Extreme Motors: Ousadia, Loucura ou Experiência?

Eu considero alguns esportes uma verdadeira arte. Quando se trata de motociclismo, além do maravilhoso balé mostrado no Moto GP, há por outro lado a criatividade e a coragem de alguns pilotos da categoria Xtreme Moto Sports, se é que posso chamar assim, incluindo neste contexto o Freestyle e X-Trial.

Conheçam alguns desses caras e, no final, assista ao vídeo (aqui mesmo no blog, ou clicando no link para o Youtube, no novo canal do Louco por Motos, o Motonews TV):

1. Toni Bou

Nascido Antoni Bou i Mena, em 1986, este espanhol é o nome mais reconhecido na categoria Trial Extreme. Com muita técnica e prática, ele salta entre rochas, troncos de árvores e outros locais nada convencionais. Foi campeão do FIM Trial World Championship entre os anos de 2007 e 2020, na categoria outdoor.

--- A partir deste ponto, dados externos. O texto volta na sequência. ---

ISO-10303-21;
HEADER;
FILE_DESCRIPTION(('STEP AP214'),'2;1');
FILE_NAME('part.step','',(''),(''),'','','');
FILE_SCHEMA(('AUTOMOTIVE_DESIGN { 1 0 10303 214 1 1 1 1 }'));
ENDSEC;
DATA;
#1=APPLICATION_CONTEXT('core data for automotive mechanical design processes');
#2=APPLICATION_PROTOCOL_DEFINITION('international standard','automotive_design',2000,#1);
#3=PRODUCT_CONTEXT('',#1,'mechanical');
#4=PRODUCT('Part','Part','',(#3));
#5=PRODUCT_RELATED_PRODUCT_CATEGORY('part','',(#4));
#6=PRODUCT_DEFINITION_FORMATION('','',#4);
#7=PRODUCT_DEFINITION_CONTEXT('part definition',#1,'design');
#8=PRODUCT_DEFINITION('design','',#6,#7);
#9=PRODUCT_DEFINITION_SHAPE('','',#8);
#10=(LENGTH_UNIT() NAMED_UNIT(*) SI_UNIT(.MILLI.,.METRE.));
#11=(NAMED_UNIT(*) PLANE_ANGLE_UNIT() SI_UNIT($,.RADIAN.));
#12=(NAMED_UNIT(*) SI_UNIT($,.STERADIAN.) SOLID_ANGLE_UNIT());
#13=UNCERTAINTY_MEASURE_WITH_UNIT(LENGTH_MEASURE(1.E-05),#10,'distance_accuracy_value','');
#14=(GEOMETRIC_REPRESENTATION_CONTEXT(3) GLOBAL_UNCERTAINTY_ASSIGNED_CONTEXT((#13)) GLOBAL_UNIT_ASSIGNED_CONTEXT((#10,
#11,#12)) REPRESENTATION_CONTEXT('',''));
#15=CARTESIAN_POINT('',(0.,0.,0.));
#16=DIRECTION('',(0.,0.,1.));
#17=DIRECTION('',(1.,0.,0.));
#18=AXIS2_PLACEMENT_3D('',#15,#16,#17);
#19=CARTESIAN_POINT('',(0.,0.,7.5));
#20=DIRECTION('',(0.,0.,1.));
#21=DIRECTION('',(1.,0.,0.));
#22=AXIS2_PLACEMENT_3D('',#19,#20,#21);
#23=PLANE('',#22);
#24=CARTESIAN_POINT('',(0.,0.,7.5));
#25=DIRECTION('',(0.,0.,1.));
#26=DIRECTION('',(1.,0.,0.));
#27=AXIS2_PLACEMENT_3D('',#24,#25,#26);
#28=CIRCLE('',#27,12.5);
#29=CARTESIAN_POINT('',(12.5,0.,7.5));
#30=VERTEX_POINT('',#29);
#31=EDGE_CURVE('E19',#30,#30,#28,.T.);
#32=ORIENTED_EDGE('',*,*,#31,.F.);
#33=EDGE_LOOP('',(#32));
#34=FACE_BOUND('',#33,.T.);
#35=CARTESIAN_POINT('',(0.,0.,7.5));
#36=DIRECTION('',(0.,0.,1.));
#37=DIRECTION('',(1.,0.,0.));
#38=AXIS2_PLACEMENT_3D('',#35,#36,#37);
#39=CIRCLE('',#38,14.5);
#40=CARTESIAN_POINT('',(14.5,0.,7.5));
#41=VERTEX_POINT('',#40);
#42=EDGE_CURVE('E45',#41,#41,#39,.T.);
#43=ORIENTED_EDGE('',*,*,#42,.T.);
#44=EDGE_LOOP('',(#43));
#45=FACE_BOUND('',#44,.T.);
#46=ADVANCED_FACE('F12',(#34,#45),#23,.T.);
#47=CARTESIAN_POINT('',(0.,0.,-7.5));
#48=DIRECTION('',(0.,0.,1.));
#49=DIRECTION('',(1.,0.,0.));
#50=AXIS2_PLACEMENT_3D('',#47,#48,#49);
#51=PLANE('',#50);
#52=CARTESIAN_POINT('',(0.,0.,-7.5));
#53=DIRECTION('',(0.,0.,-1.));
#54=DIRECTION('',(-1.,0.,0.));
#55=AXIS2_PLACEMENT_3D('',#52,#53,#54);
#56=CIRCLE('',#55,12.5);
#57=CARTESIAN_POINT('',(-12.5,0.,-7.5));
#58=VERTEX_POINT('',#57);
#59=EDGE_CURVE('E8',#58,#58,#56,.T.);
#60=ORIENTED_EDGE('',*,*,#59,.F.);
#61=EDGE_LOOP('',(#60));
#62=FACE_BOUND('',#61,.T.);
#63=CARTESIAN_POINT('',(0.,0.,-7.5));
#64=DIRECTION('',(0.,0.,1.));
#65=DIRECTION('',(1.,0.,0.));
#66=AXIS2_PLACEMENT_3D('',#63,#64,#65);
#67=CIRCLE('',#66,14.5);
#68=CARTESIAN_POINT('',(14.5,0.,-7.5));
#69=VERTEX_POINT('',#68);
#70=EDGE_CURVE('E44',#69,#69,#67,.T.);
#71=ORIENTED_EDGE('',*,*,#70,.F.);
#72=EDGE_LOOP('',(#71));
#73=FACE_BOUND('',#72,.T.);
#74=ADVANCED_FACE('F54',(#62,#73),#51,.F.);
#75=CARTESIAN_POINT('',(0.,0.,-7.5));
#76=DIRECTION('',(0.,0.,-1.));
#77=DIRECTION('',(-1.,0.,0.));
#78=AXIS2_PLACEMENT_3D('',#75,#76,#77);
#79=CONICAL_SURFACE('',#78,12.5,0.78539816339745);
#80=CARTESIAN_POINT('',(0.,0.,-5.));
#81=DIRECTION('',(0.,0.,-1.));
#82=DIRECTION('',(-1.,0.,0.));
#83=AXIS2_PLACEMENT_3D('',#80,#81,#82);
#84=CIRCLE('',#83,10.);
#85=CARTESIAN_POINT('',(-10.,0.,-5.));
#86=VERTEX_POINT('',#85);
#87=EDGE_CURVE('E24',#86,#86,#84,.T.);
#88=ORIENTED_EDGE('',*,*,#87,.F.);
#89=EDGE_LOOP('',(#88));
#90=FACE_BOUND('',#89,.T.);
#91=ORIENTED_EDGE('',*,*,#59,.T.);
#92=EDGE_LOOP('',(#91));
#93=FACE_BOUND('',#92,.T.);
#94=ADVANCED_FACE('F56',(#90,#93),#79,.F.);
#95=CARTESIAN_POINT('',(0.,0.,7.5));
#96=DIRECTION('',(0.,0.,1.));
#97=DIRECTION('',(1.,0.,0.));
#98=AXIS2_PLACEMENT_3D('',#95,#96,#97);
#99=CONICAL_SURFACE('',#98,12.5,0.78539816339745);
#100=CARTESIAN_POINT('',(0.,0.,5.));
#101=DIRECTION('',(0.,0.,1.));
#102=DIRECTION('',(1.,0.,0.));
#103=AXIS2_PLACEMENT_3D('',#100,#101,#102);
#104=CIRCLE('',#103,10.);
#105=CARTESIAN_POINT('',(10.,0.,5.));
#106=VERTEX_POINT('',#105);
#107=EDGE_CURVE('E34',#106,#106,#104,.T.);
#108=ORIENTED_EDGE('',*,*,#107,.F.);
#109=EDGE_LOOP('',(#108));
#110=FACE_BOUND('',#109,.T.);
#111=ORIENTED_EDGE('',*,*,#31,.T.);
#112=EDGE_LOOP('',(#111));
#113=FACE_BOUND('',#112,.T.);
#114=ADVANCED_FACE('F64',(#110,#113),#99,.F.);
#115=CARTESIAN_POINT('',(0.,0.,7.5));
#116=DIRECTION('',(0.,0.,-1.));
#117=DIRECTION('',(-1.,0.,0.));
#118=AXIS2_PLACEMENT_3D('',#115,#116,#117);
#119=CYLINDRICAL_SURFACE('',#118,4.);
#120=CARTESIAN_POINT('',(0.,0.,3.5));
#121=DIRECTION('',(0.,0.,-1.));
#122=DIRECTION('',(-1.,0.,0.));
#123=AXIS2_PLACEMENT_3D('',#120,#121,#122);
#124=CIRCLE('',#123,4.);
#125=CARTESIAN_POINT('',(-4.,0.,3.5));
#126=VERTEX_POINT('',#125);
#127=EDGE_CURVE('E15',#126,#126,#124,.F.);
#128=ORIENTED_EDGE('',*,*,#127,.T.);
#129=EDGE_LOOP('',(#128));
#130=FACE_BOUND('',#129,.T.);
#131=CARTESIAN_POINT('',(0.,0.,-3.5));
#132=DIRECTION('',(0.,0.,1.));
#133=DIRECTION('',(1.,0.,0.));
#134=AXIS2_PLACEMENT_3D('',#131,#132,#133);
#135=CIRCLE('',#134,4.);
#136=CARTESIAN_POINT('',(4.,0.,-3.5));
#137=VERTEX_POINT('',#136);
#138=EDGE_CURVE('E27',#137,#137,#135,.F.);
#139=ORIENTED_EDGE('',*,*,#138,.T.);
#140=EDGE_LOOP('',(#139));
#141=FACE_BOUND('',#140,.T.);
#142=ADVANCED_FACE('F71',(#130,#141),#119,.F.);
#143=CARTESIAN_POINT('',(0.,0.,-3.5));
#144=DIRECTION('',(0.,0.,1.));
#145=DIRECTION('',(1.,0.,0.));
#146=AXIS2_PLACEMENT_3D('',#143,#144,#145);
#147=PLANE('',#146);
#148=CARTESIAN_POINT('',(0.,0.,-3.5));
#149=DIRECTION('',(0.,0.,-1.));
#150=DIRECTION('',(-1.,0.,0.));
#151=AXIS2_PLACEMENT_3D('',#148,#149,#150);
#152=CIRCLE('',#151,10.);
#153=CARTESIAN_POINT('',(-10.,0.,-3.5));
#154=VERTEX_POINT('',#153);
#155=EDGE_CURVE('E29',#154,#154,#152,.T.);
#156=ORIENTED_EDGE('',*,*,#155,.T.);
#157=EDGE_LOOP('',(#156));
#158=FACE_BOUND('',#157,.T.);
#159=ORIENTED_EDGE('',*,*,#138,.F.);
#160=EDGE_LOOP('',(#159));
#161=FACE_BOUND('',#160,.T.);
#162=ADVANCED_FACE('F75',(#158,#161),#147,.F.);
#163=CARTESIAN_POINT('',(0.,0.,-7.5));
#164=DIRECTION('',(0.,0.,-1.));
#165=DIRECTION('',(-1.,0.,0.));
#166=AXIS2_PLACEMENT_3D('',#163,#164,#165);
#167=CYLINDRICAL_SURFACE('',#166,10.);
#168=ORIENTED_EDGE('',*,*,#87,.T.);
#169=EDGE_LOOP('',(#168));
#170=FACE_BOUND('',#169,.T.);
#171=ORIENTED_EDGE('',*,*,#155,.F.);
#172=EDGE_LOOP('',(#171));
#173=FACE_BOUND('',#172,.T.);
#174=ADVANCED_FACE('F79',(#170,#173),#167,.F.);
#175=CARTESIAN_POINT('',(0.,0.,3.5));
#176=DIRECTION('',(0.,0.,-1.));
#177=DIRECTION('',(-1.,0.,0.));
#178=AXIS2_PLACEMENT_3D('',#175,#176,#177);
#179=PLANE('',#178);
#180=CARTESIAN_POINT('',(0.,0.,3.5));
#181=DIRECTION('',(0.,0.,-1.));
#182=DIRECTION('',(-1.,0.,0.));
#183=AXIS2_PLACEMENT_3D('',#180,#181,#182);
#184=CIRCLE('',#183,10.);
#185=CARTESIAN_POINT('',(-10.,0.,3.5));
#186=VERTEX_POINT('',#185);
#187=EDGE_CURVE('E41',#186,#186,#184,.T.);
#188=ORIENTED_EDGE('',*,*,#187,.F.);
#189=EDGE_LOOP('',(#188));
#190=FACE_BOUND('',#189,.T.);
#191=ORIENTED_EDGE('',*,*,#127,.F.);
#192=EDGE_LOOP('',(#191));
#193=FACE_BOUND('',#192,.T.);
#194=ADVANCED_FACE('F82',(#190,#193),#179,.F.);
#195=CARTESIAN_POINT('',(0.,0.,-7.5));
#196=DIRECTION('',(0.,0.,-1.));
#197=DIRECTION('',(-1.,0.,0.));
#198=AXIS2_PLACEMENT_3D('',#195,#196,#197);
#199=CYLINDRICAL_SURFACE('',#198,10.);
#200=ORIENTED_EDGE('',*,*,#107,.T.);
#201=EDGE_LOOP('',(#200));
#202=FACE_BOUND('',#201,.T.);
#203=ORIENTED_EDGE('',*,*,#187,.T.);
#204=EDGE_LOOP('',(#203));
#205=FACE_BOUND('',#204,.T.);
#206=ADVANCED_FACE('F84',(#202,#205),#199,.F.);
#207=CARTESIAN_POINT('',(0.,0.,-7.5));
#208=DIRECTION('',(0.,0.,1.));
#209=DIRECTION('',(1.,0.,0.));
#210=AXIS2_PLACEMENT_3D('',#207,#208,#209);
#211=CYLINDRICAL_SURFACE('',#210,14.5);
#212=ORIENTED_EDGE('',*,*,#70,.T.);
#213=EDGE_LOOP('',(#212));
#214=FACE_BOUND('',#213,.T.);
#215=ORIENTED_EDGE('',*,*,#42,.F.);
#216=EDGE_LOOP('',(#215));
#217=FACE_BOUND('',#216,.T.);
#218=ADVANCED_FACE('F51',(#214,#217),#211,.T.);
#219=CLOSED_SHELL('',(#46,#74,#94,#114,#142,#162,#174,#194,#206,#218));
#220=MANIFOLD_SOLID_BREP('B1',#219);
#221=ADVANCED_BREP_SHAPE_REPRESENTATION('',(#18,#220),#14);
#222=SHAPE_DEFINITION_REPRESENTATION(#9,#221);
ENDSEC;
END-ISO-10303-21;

Fig. 1. Toni Bou. Fotos: MotorHome/Honda Racing

2. Adam Raga

Também espanhol, Adam Raga (nasc. 1982) coleciona 4 campeonatos indoor e outros 2 outdoor. Assim como Bou, o cara é um fera no Trial Extreme, saltando entre rochas e obstáculos impensáveis para motos. 

Fig. 2. Adam Raga. Fotos: Facebook

3. Blake Williams

Já o australiano Blake Williams, mais conhecido por Bilko, nascido em 1985, é um dos renomados pilotos na categoria Freestyle Motocross. Saltos nas alturas, whips, backflips, heart attacks, rulers e outras manobras são algumas que o cara é capaz de fazer sem dificuldades.

Fig. 3. Blake "Bilko" Williams. Fotos: site oficial

4. Marcelo Simões

Esse é outro campeão do Freestyle Motocross, estilo outdoor, que faz manobras radicalíssimas e, veja só, o cara é brasileiro. Isso mesmo! Ele é Pentacampeão Brasileiro de FMX e foi Campeão Mundial do FMX das Nações, ocorrido na Alemanha, em 2014.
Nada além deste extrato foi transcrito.